# Albanian: flas



## 123xyz

Could someone tell me whether the admirative form of the verb "flas" is "fliskam" or "folkam"? I have encountered both forms on different websites but I don't know how reliable the sources they came from are, so I don't know whether both are valid or if not, which one is. If both are valid, which is more common? Also, is it generally common for a verb to have two different admirative forms?

Thank you in advance


----------



## AgonSK

Hi, "folkam" is the admirative used in the northern dialects (gheg). I suppose so because my dialect is gheg and we say "folkam". 
As for "fliskam" (probably tosk dialect) I think it could be correct as well, given that I've heard the admirative of the verb to speak for the 3rd person singular, which is "fliska".


----------



## 123xyz

While waiting to get a reply here, I've also asked this question on an Albanian forum I found, and there, I was told that "folkam" is the correct form, whereas "fliskam" is some street jargon, - you can look at the thread here (there are lots of other discussions in it, but you can look at the first few posts). What do you think about this?

Anyway, in regard to the admirative in general, isn't it formed with the root of the past participle? I've observed such a pattern so far, and it would account for "folkam" as opposed to "fliskam" very conveniently:* 

folur* > *fol-* > *folkam*

P.S. I'm learning the literary language, so I suppose that I'm interested in Tosk, the base thereof, rather than Gheg.  

P.P.S. Will you be around here on this forum in case I want to ask other questions about Albanian? I prefer to ask here rather than on the Albanian forum because I don't understand the Albanian replies very well. Also, I can't ask the members there how to say a particular word in Albanian or what a particular Albanian word means, because it's a monolingual forum. Sadly, there are very few Albanian speakers here (and Macedonian speakers too, for that matter).


----------



## AgonSK

I'm a gheg native speaker (from Kosovo), but I have some knowledge of the standard language (my knowledge isn't perfect so I could make some mistakes)...I'll try to help you with the language here on the forum anyway.

[earlier I said that the "folkam" form is used in ghegh too, but I should precise that the most used form here is "folsha"]

Appearantly the "folkam" form corresponds to the standard form, so it is the form you should use since you're learning the standard language. 
Unfortunately things become harder when it comes to the conjugation for every person, given that I'm not sure about it in the standard language. 

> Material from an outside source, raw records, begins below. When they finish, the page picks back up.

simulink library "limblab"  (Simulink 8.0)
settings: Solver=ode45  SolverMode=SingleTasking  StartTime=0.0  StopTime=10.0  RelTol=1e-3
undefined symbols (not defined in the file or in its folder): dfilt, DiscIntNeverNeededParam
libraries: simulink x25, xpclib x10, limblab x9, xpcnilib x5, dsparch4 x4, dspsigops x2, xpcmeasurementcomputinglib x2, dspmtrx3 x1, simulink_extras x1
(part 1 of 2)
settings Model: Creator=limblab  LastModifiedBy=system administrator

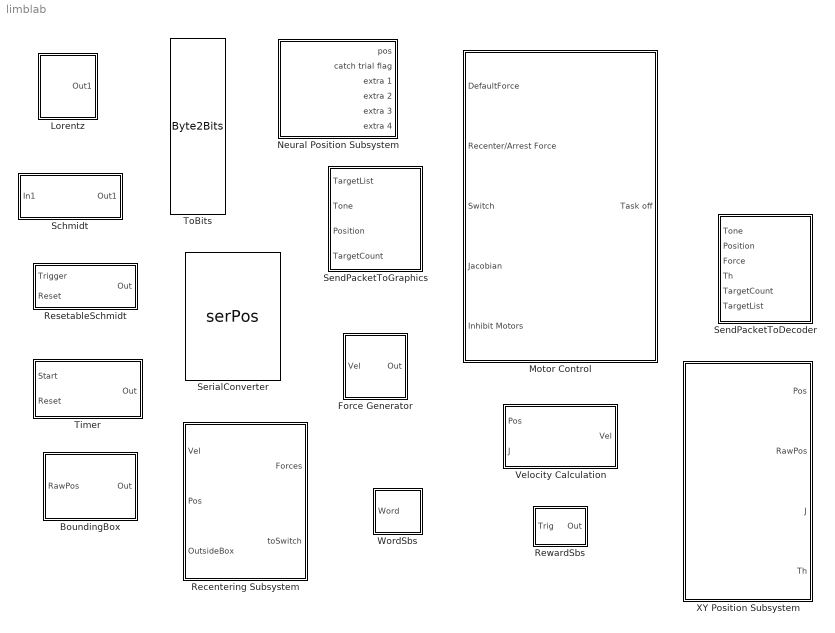
== system limblab ==
  BoundingBox : Subsystem
  Force Generator : Subsystem
  Lorentz : Subsystem  mask(Lorentz attractor){y0=.1}
      mask prompts: y0 "Initial Condition"
      mask help: Creats chaotic oscelations using a lorentz attractor algorithm.
      mask Help:
      | Creats chaotic oscelations using a lorentz attractor algorithm.
      | 
      | This particular oscilator has the parameters:
      | rho = 28
      | beta = 8/3
      | sigma = 10
      | 
      | The initial condition y0 can be specified as a parameter.
      | 
      | Other initial conditions (x0 and z0) are 0.1.
      mask Display: port_label('output', 1, 'Out')
  Motor Control : Subsystem
  Neural Position Subsystem : Subsystem  SystemSampleTime=0.01  mask(Neural Position Subsystem){}
      mask help: Uses a UDP receive block to receive and parse the sent neural position from the real time system.
      mask Display:
      | port_label('output',1,'pos')
      | port_label('output',2,'catch trial flag')
      | port_label('output',3,'extra 1')
      | port_label('output',4,'extra 2')
      | port_label('output',5,'extra 3')
      | port_label('output',6,'extra 4')
  Recentering Subsystem : Subsystem
  ResetableSchmidt : Subsystem  mask{Time=3}
  RewardSbs : Subsystem
  Schmidt : Subsystem  mask(Schmidt Trigger){Time=.3}
      mask help: Creates an output pulse of the specified time in seconds when trig goes high
      mask Help: Creates an output pulse of the specified time in seconds when trig goes high
      mask Display:
      | port_label('output',1,'out')
      | port_label('input',1,'trig')
      | fprintf('t = %.2f',Time)
  SendPacketToDecoder : Subsystem
  SendPacketToGraphics : Subsystem
  SerialConverter : S-Function  FunctionName=serPos  EnableBusSupport=off
      mask Display:
      | port_label('output', 1, 'Byte Out')
      | port_label('input', 1, 'index')
      | port_label('input', 2, 'sh')
      | port_label('input', 3, 'el')
  Timer : Subsystem  mask{Time=.1}
      mask prompts: Time "Timeout"
      mask Display:
      | port_label('output',1,'out')
      | port_label('input',1,'start')
      | port_label('input',2,'reset')
      | fprintf('t = %.2f',Time)
  ToBits : S-Function  FunctionName=Byte2Bits  EnableBusSupport=off
      mask Display:
      | port_label('input', 1, 'u')
      | port_label('output', 1, 'y0')
      | port_label('output', 2, 'y1')
      | port_label('output', 3, 'y2')
      | port_label('output', 4, 'y3')
      | port_label('output', 5, 'y4')
      | port_label('output', 6, 'y5')
      | port_label('output', 7, 'y6')
      | port_label('output', 8, 'y7')
  Velocity Calculation : Subsystem
  WordSbs : Subsystem
  XY Position Subsystem : Subsystem

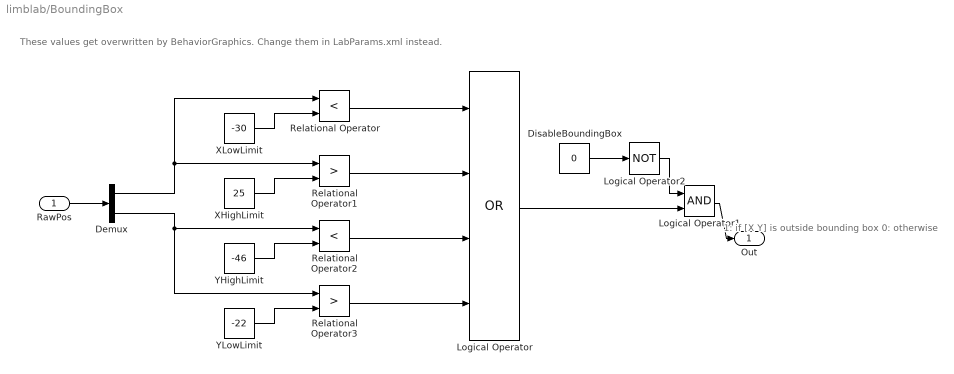
== system limblab/BoundingBox ==
  note: These values get overwritten by BehaviorGraphics. Change them in LabParams.xml instead.
  note: 1: if [X Y] is outside
      | bounding box
      | 0: otherwise
  RawPos : Inport
  Demux : Demux  Outputs=2
  DisableBoundingBox : Constant  Value=0
  Logical Operator : Logic  Operator=OR  Inputs=4  AllPortsSameDT=off  OutDataTypeStr=boolean
  Logical Operator1 : Logic  AllPortsSameDT=off  OutDataTypeStr=boolean
  Logical Operator2 : Logic  Operator=NOT  AllPortsSameDT=off  OutDataTypeStr=boolean
  Relational Operator : RelationalOperator  Operator=<  OutDataTypeStr=boolean
  Relational Operator1 : RelationalOperator  Operator=>  OutDataTypeStr=boolean
  Relational Operator2 : RelationalOperator  Operator=<  OutDataTypeStr=boolean
  Relational Operator3 : RelationalOperator  Operator=>  OutDataTypeStr=boolean
  XHighLimit : Constant  Value=25
  XLowLimit : Constant  Value=-30
  YHighLimit : Constant  Value=-46
  YLowLimit : Constant  Value=-22
  Out : Outport
  wires:
  XLowLimit/1 -> Relational Operator/2
  XHighLimit/1 -> Relational Operator1/2
  YHighLimit/1 -> Relational Operator2/2
  YLowLimit/1 -> Relational Operator3/2
  Relational Operator/1 -> Logical Operator/1
  Relational Operator1/1 -> Logical Operator/2
  Relational Operator2/1 -> Logical Operator/3
  Relational Operator3/1 -> Logical Operator/4
  RawPos/1 -> Demux/1
  Demux/1 -> Relational Operator/1, Relational Operator1/1
  Demux/2 -> Relational Operator2/1, Relational Operator3/1
  Logical Operator1/1 -> Out/1
  Logical Operator/1 -> Logical Operator1/2
  DisableBoundingBox/1 -> Logical Operator2/1
  Logical Operator2/1 -> Logical Operator1/1

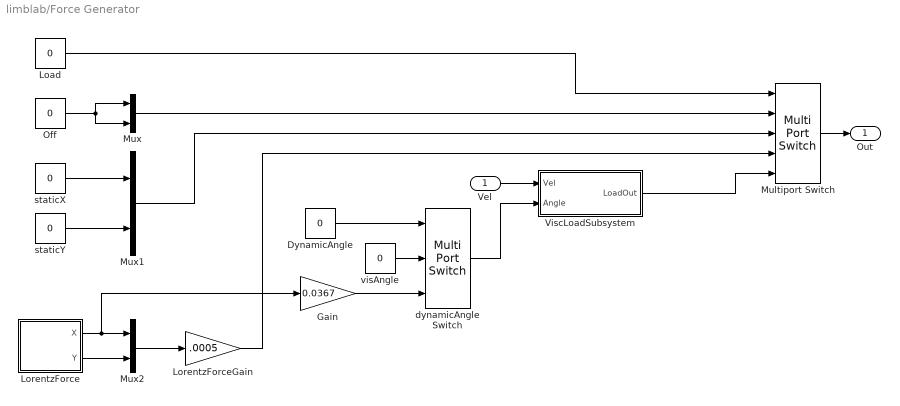
== system limblab/Force Generator ==
  Vel : Inport
  DynamicAngle : Constant  Value=0
  Gain : Gain  Gain=0.0367
  Load : Constant  Value=0
  LorentzForce : Subsystem
  LorentzForceGain : Gain  Gain=.0005
  Multiport Switch : MultiPortSwitch  DataPortOrder=Zero-based contiguous  Inputs=4  zeroidx=on
  Mux : Mux  Inputs=2
  Mux1 : Mux  Inputs=2
  Mux2 : Mux  Inputs=2
  Off : Constant  Value=0
  ViscLoadSubsystem : Subsystem
  dynamicAngle Switch : MultiPortSwitch  DataPortOrder=Zero-based contiguous  Inputs=2  zeroidx=on
  staticX : Constant  Value=0
  staticY : Constant  Value=0
  visAngle : Constant  Value=0
  Out : Outport
  wires:
  Off/1 -> Mux/2, Mux/1
  Multiport Switch/1 -> Out/1
  Mux/1 -> Multiport Switch/2
  Load/1 -> Multiport Switch/1
  Mux1/1 -> Multiport Switch/3
  staticX/1 -> Mux1/1
  staticY/1 -> Mux1/2
  LorentzForce/1(X) -> Mux2/1, Gain/1
  LorentzForce/2(Y) -> Mux2/2
  Mux2/1 -> LorentzForceGain/1
  LorentzForceGain/1 -> Multiport Switch/4
  Vel/1 -> ViscLoadSubsystem/1(Vel)
  ViscLoadSubsystem/1(LoadOut) -> Multiport Switch/5
  visAngle/1 -> dynamicAngle Switch/2
  DynamicAngle/1 -> dynamicAngle Switch/1
  dynamicAngle Switch/1 -> ViscLoadSubsystem/2(Angle)
  Gain/1 -> dynamicAngle Switch/3

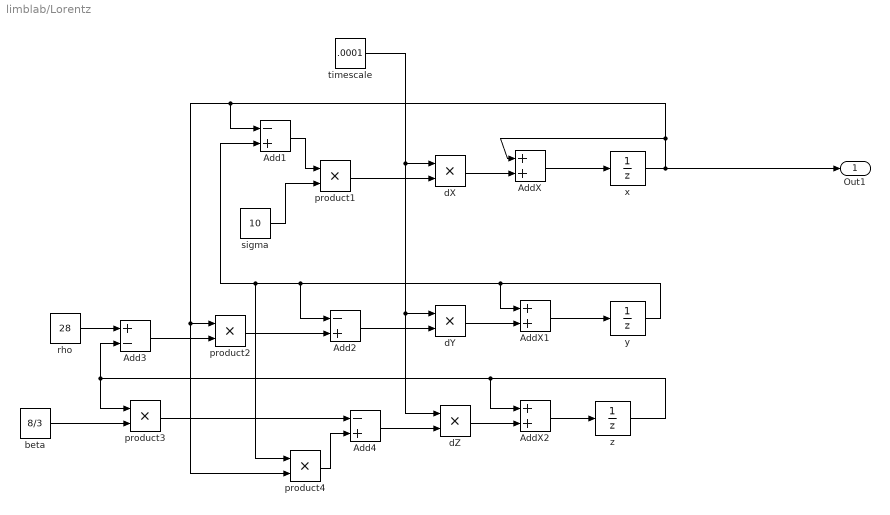
== system limblab/Lorentz ==
  Add1 : Sum  Inputs=-+
  Add2 : Sum  Inputs=-+
  Add3 : Sum  Inputs=+-
  Add4 : Sum  Inputs=-+
  AddX : Sum
  AddX1 : Sum
  AddX2 : Sum
  beta : Constant  Value=8/3
  dX : Product  RndMeth=Zero
  dY : Product  RndMeth=Zero
  dZ : Product  RndMeth=Zero
  product{1..4} (4 alike) : Product  RndMeth=Zero
  rho : Constant  Value=28
  sigma : Constant  Value=10
  timescale : Constant  Value=.0001
  x : UnitDelay  InitialCondition=.1  SampleTime=.001
  y : UnitDelay  InitialCondition=y0  SampleTime=.001
  z : UnitDelay  InitialCondition=.1  SampleTime=.001
  Out1 : Outport
  wires:
  AddX/1 -> x/1
  AddX1/1 -> y/1
  AddX2/1 -> z/1
  y/1 -> AddX1/1, Add2/1, Add1/2, product4/1
  z/1 -> AddX2/1, Add3/2, product3/1
  x/1 -> Out1/1, AddX/1, Add1/1, product2/1, product4/2
  dX/1 -> AddX/2
  dY/1 -> AddX1/2
  dZ/1 -> AddX2/2
  timescale/1 -> dX/1, dY/1, dZ/1
  sigma/1 -> product1/2
  product1/1 -> dX/2
  Add1/1 -> product1/1
  Add2/1 -> dY/2
  product2/1 -> Add2/2
  Add3/1 -> product2/2
  rho/1 -> Add3/1
  beta/1 -> product3/2
  product3/1 -> Add4/1
  product4/1 -> Add4/2
  Add4/1 -> dZ/2

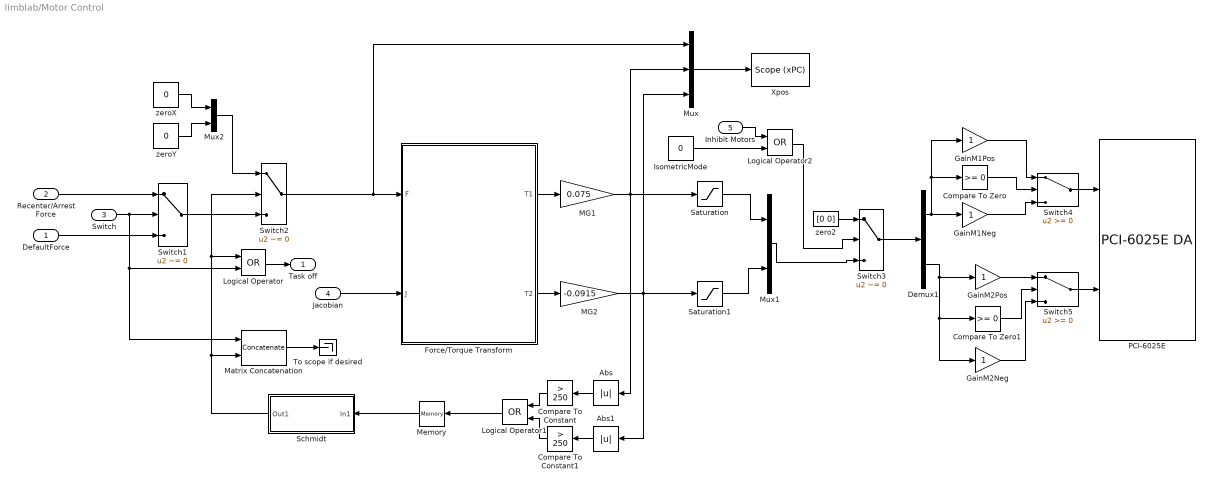
== system limblab/Motor Control ==
  DefaultForce : Inport
  Recenter/Arrest Force : Inport  Port=2
  Switch : Inport  Port=3
  Jacobian : Inport  Port=4
  Inhibit Motors : Inport  Port=5
  Abs : Abs
  Abs1 : Abs
  Compare To Constant : simulink/Logic and Bit Operations/Compare To Constant  relop=>  const=250  OutDataTypeStr=uint8  ZeroCross=off
  Compare To Constant1 : simulink/Logic and Bit Operations/Compare To Constant  relop=>  const=250  OutDataTypeStr=uint8  ZeroCross=off
  Compare To Zero : simulink/Logic and Bit Operations/Compare To Zero  relop=>=  OutDataTypeStr=boolean
  Compare To Zero1 : simulink/Logic and Bit Operations/Compare To Zero  relop=>=  OutDataTypeStr=boolean
  Demux1 : Demux  Outputs=2
  Force/Torque Transform : Subsystem  TreatAsAtomicUnit=on
  GainM1Neg : Gain
  GainM1Pos : Gain
  GainM2Neg : Gain
  GainM2Pos : Gain
  IsometricMode : Constant  Value=0
  Logical Operator1 : Logic  Operator=OR  AllPortsSameDT=off  OutDataTypeStr=boolean
  Logical Operator : Logic  Operator=OR  AllPortsSameDT=off  OutDataTypeStr=boolean
  Logical Operator2 : Logic  Operator=OR  AllPortsSameDT=off  OutDataTypeStr=boolean
  MG1 : Gain  Gain=0.075
  MG2 : Gain  Gain=-0.0915
  Matrix Concatenation : Concatenate
  Memory : Memory
  Mux : Mux  Inputs=3
  Mux1 : Mux  Inputs=2
  Mux2 : Mux  Inputs=2
  "PCI-6025E " : xpcnilib/D//A/E Series/PCI-6025E DA  channel=[1 2]  reset=[1 1]  initValue=[0 0]  sampletime=0.001  slot=-1
  Saturation : Saturate  UpperLimit=7.5  LowerLimit=-7.5
  Saturation1 : Saturate  UpperLimit=7.5  LowerLimit=-7.5
  Schmidt : Subsystem  mask(Schmidt Trigger){Time=10}
      mask help: Creates an output pulse of the specified time in seconds when trig goes high
      mask Help: Creates an output pulse of the specified time in seconds when trig goes high
      mask Display:
      | port_label('output',1,'out')
      | port_label('input',1,'trig')
      | fprintf('t = %d',Time)
  Switch1 : Switch  Criteria=u2 ~= 0  ZeroCross=off
  Switch2 : Switch  Criteria=u2 ~= 0  ZeroCross=off
  Switch3 : Switch  Criteria=u2 ~= 0  ZeroCross=off
  Switch4 : Switch
  Switch5 : Switch
  To scope if desired : Terminator
  Xpos : xpclib/Misc./Scope (xPC)   scopeno=4  scopetype=Target  autostart=on  viewmode=Numerical  formatstr='%15.2f Fx,%15.2f Fy,%15.2f T1,%15.2f T2'  grid=on  ylimits=[-10,10]  nosamples=10  noprepostsamples=0  interleave=10  triggermode=FreeRun  triggersignal=1  triggerlevel=0.0  triggerslope=Either  triggerscope=1  triggersample=0  filename=data.dat  mode=Lazy  writesize=512  autorestart=off  dynamicfilemode=off  maxwritefilesize=512*1024^2
  zero2 : Constant  Value=[0 0]
  zeroX : Constant  Value=0
  zeroY : Constant  Value=0
  Task off : Outport
  wires:
  MG1/1 -> Abs/1, Saturation/1, Mux/2
  MG2/1 -> Abs1/1, Saturation1/1, Mux/3
  Force/Torque Transform/1(T1) -> MG1/1
  Force/Torque Transform/2(T2) -> MG2/1
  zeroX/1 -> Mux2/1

As for the construction of the admirative in general, I believe that the example you suggested (folur - fol - folkam) should apply to SOME other verbs as well (you used the "folur" as the infinitive, though in most vocabularies it's indicated with the first person singular)...here some verbs that come to my mind at the moment: 
blej (buy) - blejkam
eci (walk) - eckam
shkruaj (write) - shkrujkam

but it doesn't apply to verbs such as 
jam (to be) - qenkam (notice that the ending in the admirative is the same though)
kam (to have) - paskam (//)

I'm sorry I can't help you further with this subject, given that the admirative form differs in the standard language and dialects. However, as I said I'm willing to help you with everything else.
...
One question: what do you want to learn the standard language?


----------



## 123xyz

Thank your replying

You say "folsha" is the more common form - do you mean that it is an admirative form (mënyra habitore)? I know it as the optative form (mënyra dëshirore), the full conjugation of which would go like this:

1. folsha
2. folsh
3. foltë
4. folshim
5. folshit
6. folshin

As for the admirative conjugation of "flas" in the standard language, there's no problem - it goes like this:

1. folkam
2. folke
3. folka
4. folkemi
5. folkeni
6. folkan

The suffixes are regular - one just needs the stem, i.e. "fol-" in this case. By the way, I didn't use "folur" as the infinitive - I never mentioned anything about the infinitive at all. With the "folur>fol->folkam", I was just trying to explain that the admirative stem is seemingly derived from the participle stem. Anyway, if you prefer (so that the sequence can start with the lemma form):

*flas > folur > fol- > folkam *



> but it doesn't apply to verbs such as
> jam (to be) - qenkam (notice that the ending in the admirative is the same though)
> kam (to have) - paskam (//)



Yes, it does:

*qenë > qen- > qenkam
pasur > pas- > paskam*

In fact, it doesn't apply in the case "blej" and "skhruaj". Their participles are "blerë" and "skhruar" respectively, so I'd have expected the admirative forms to be "blekam" and "shkruakam".  

As to your question regarding why I want to learn the standard language (as opposed to a dialect), there are multiple reasons. First of all, it's the only form of the language I have access to - I have mostly been learning Albanian from watching television with Albanian subtitles, which are written in the standard language, as they are, in a way, official text; likewise, I have been relying heavily on the Internet, and all grammar explanations and dictionaries there concern the standard language only. Second of all, there are various features of Albanian non-standard dialects I don't like, such as the q-ç and gj-xh mergers, or the lack of rhotacism in words like "femër". Third of all, I associate the standard language with some prestige, for the simple reason that it is the standard language. It somehow automatically feels proper. If I were to learn dialects, I would feel that my learning is somewhat purposeless. Anyway, I think that you'll find that most language students learn the standard form the foreign language they have taken on. I haven't met anyone learning Scots rather than GA/RP or Bavarian rather than Hochdeutsch yet.


----------



## AgonSK

I mean it (folsha) is the most common among the gheg dialects. Anyway the conjugations you wrote are all correct and since you're studying the standard language you should use them and they would be understood by every speaker, even if they are different from the dialectal ones.

In addition to this I can say that you're knowledge of the grammar is pretty good  

As for your choice to learn the standard language..I knew you would say that  it's obvious one wants to study it since it is the standard form, but I would've never guessed the rhotacism and mergers thing  ...for "rhotacism" you mean the R sound similar to the english one?


----------